BEGIN EXTRACTED RECORDS
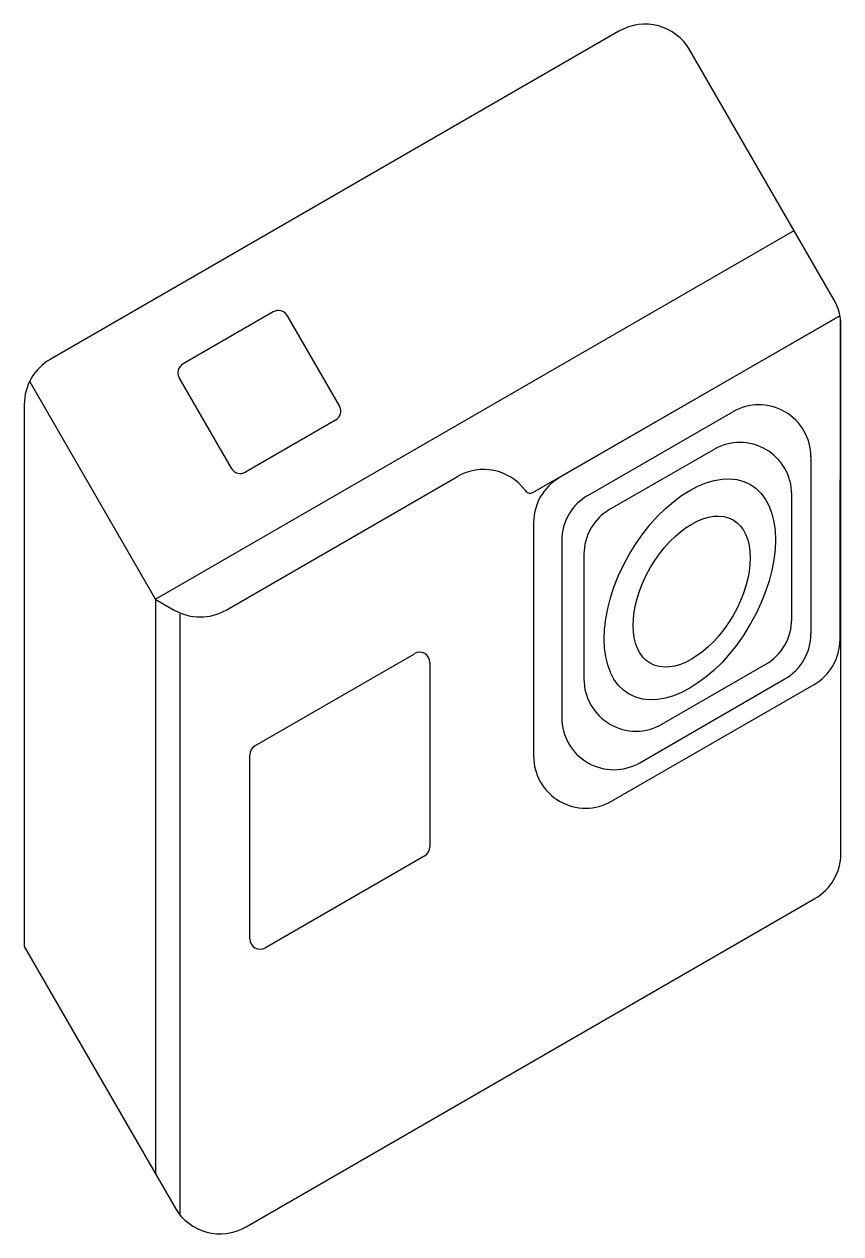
# Model space of a CAD drawing. Header units: millimetres. Extents: x 2907 to 2986, y 1057 to 1173.
import ezdxf

# ---------------------------------------------------------------- set-up
doc = ezdxf.new("R2010")
doc.units = ezdxf.units.MM

msp = doc.modelspace()

# ---------------------------------------------------------------- linework, layer by layer
for p, q in [((2964.66, 1172.34), (2910, 1140.78)), ((2985.32, 1146.55), (2971.49, 1170.51)), ((2920.11, 1117.75), (2981.49, 1153.19)), ((2931.43, 1145.35), (2922.77, 1140.35)), ((2937.8, 1136.32), (2932.8, 1144.98)), ((2956.37, 1127.99), (2985.9, 1144.97)), ((2985.9, 1144.97), (2958.96, 1129.42)), ((2985.91, 1113.86), (2985.95, 1144.61)), ((2985.99, 1093.28), (2985.99, 1144.05)), ((2920.11, 1117.75), (2908.03, 1138.66)), ((2922.4, 1138.98), (2927.4, 1130.32)), ((2907.5, 1136.45), (2907.5, 1084.34)), ((2928.77, 1129.96), (2937.43, 1134.96)), ((2961.67, 1127.7), (2975.61, 1135.75)), ((2963.8, 1126.38), (2973.77, 1132.13)), ((2970.58, 1130.3), (2970.58, 1130.3)), ((2983.11, 1131.42), (2983.11, 1114.39)), ((2926.91, 1116.69), (2949.15, 1129.53)), ((2955.64, 1128.22), (2955.72, 1128.12)), ((2981.27, 1115.8), (2981.27, 1127.8)), ((2956.46, 1125.09), (2956.46, 1102.64)), ((2959.17, 1123.37), (2959.17, 1106.34)), ((2961.3, 1122.05), (2961.3, 1110.05)), ((2920.1, 1117.74), (2921.91, 1116.69)), ((2920.11, 1117.75), (2920.11, 1062.5)), ((2922.5, 1058.51), (2922.5, 1116.28)), ((2929.68, 1103.65), (2945, 1112.49)), ((2946.5, 1111.63), (2946.5, 1093.94)), ((2968.79, 1105.72), (2978.77, 1111.47)), ((2963.96, 1098.31), (2983.41, 1109.53)), ((2966.67, 1102.01), (2980.61, 1110.06)), ((2971.35, 1107.19), (2971.35, 1107.2)), ((2971.35, 1104.7), (2971.35, 1104.72)), ((2929.18, 1085.09), (2929.18, 1102.78)), ((2946, 1093.07), (2930.68, 1084.23)), ((2928.83, 1057.39), (2983.49, 1088.95)), ((2907.5, 1084.34), (2922, 1059.22))]:
    msp.add_line(p, q)
for centre, radius, start, end in [((2967.16, 1168.01), 5, 30, 120), ((2931.93, 1144.48), 1, 30, 120), ((2980.99, 1144.05), 5, 0, 30), ((2912.5, 1136.45), 5, 120, 180), ((2923.27, 1139.48), 1, 120, 210), ((2936.93, 1135.82), 1, 300, 30), ((2978.11, 1131.42), 5, 0, 120), ((2976.27, 1127.8), 5, 0, 120), ((2928.27, 1130.82), 1, 210, 300), ((2951.65, 1125.2), 5, 37.1638, 120), ((2961.46, 1125.09), 5, 120, 180), ((2956.12, 1128.42), 0.5, 217.1638, 300), ((2964.17, 1123.37), 5, 120, 180), ((2966.3, 1122.05), 5, 120, 180), ((2924.41, 1121.02), 5, 240, 300), ((2976.27, 1115.8), 5, 300, 0), ((2978.11, 1114.39), 5, 300, 0), ((2980.91, 1113.86), 5, 300, 359.9195), ((2945.5, 1111.63), 1, 0, 120), ((2966.3, 1110.05), 5, 180, 300), ((2964.17, 1106.34), 5, 180, 300), ((2930.18, 1102.78), 1, 120, 180), ((2961.46, 1102.64), 5, 180, 300), ((2945.5, 1093.94), 1, 300, 0), ((2980.99, 1093.28), 5, 300, 0), ((2930.18, 1085.09), 1, 180, 300), ((2926.33, 1061.72), 5, 210, 300)]:
    msp.add_arc(centre, radius, start, end)
for centre, major_axis in [((2971.47, 1118.68), (-5.82, -10.08)), ((2971.65, 1118.46), (-3.98, -6.89))]:
    msp.add_ellipse(centre, major_axis=major_axis, ratio=0.57735)

doc.saveas('drawing.dxf')
END EXTRACTED RECORDS
# [PROMPT]
All that is needed is the exact run of lines above from the line containing "doc.units = ezdxf.units.MM" through the line containing "layer by layer", both of them included.

# [ANSWER SECTION]
doc.units = ezdxf.units.MM

msp = doc.modelspace()

# ---------------------------------------------------------------- linework, layer by layer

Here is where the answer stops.